Death to the Cult of Stealth Startups - blacktar
http://stopmebeforeiblogagain.com/death-to-the-cult-of-stealth-startups/
======
ChuckMcM
Old Battlebots story, when my team was competing we would talk to other teams
in the 'pit' area. There were a number of teams that kept everything covered
up and hush hush until their first fight. Then there were teams like mine who
would tell you anything you wanted to know about our bot. The stealth guys
never did well in their first appearance, and if they came back the following
year and stayed "stealthy" they didn't do well then either. It was the back
and forth of multiple ideas and questions that helped people prepare for
something which was essentially part chance, part strategy, part build
quality.

Over the years Startups seem to have a similar path. I've known some which
were ok but started out stealthy, but most that start stealthy seem to launch,
and _then_ pivot after getting some real world experience and feedback.
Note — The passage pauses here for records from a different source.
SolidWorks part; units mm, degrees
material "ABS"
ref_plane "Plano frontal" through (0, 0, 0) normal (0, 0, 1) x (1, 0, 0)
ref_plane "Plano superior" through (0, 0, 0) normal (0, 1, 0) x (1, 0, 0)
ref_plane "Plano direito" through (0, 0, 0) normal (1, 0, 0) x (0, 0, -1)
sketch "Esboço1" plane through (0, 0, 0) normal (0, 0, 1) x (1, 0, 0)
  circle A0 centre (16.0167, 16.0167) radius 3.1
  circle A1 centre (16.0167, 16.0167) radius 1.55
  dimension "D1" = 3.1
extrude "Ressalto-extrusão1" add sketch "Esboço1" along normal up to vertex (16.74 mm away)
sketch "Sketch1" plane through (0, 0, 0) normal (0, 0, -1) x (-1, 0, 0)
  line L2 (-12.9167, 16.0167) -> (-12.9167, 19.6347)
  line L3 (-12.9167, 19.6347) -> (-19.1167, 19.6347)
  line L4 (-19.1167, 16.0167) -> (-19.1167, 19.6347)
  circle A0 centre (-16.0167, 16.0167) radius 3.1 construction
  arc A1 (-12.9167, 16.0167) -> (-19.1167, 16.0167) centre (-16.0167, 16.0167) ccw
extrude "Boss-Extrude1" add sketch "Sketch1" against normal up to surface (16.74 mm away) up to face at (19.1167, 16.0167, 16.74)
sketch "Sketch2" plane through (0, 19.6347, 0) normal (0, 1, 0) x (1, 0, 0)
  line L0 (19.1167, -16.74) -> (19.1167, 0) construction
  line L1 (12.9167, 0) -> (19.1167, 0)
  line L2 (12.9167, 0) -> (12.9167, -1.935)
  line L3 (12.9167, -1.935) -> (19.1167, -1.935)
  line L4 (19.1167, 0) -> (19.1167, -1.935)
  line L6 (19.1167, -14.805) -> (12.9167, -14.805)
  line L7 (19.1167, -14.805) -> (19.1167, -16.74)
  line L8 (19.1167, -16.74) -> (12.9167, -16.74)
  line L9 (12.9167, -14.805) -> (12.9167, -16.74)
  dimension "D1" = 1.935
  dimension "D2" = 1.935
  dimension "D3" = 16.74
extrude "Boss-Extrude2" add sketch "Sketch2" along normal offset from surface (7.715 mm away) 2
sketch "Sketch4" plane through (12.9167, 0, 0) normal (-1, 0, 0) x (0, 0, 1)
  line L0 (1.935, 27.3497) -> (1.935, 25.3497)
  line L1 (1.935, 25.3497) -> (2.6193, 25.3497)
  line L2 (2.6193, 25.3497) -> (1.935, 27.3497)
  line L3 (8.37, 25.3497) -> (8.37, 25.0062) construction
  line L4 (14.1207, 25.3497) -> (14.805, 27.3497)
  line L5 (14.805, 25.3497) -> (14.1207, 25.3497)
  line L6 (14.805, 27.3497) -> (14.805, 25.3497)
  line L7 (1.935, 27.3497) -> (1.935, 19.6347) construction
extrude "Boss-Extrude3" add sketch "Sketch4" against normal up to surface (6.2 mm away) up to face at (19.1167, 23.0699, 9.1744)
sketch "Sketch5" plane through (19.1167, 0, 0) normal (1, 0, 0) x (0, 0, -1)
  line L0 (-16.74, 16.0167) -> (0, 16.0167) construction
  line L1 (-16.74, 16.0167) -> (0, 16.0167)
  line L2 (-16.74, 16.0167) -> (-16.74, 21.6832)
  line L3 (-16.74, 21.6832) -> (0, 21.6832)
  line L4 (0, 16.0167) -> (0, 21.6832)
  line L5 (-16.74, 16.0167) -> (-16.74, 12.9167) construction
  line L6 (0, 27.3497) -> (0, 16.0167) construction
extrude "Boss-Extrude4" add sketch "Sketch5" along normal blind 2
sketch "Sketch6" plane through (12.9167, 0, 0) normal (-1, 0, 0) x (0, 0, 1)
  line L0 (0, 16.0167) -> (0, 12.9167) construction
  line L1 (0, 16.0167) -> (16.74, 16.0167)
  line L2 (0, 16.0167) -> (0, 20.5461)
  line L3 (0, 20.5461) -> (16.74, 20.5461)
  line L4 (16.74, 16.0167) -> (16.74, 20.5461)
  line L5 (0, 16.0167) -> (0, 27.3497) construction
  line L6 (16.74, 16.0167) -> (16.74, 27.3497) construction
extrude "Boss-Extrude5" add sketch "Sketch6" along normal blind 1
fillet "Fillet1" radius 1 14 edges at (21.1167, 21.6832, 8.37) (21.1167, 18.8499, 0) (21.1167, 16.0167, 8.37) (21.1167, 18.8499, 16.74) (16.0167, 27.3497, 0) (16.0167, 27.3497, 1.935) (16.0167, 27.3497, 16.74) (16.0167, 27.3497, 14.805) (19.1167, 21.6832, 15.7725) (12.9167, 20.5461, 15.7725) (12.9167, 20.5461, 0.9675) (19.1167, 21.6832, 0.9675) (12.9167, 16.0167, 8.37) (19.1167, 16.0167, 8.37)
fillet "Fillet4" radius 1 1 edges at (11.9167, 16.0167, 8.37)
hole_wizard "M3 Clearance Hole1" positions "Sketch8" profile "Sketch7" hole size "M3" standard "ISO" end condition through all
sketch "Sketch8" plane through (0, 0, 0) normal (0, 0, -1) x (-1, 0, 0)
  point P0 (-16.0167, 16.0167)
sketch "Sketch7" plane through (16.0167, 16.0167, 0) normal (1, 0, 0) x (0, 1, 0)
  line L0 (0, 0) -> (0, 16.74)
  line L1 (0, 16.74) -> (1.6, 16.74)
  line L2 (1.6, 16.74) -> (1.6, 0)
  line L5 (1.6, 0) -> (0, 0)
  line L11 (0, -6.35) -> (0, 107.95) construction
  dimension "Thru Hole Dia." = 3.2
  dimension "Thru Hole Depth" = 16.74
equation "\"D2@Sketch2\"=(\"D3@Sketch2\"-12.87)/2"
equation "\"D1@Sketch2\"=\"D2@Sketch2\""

The
ones that are pretty open seem to come out swinging and they already have
answers for most of the questions thrown at them (which gives them
credibility).

Perhaps notable, perhaps not, in the 30 years I've been watching I have yet to
see a single startup that was open and that resulted in someone else
"scooping" them and getting the prize. But I have seen startups that execute
poorly not move fast enough once their market is proven to avoid damage by a
nimbler opponent.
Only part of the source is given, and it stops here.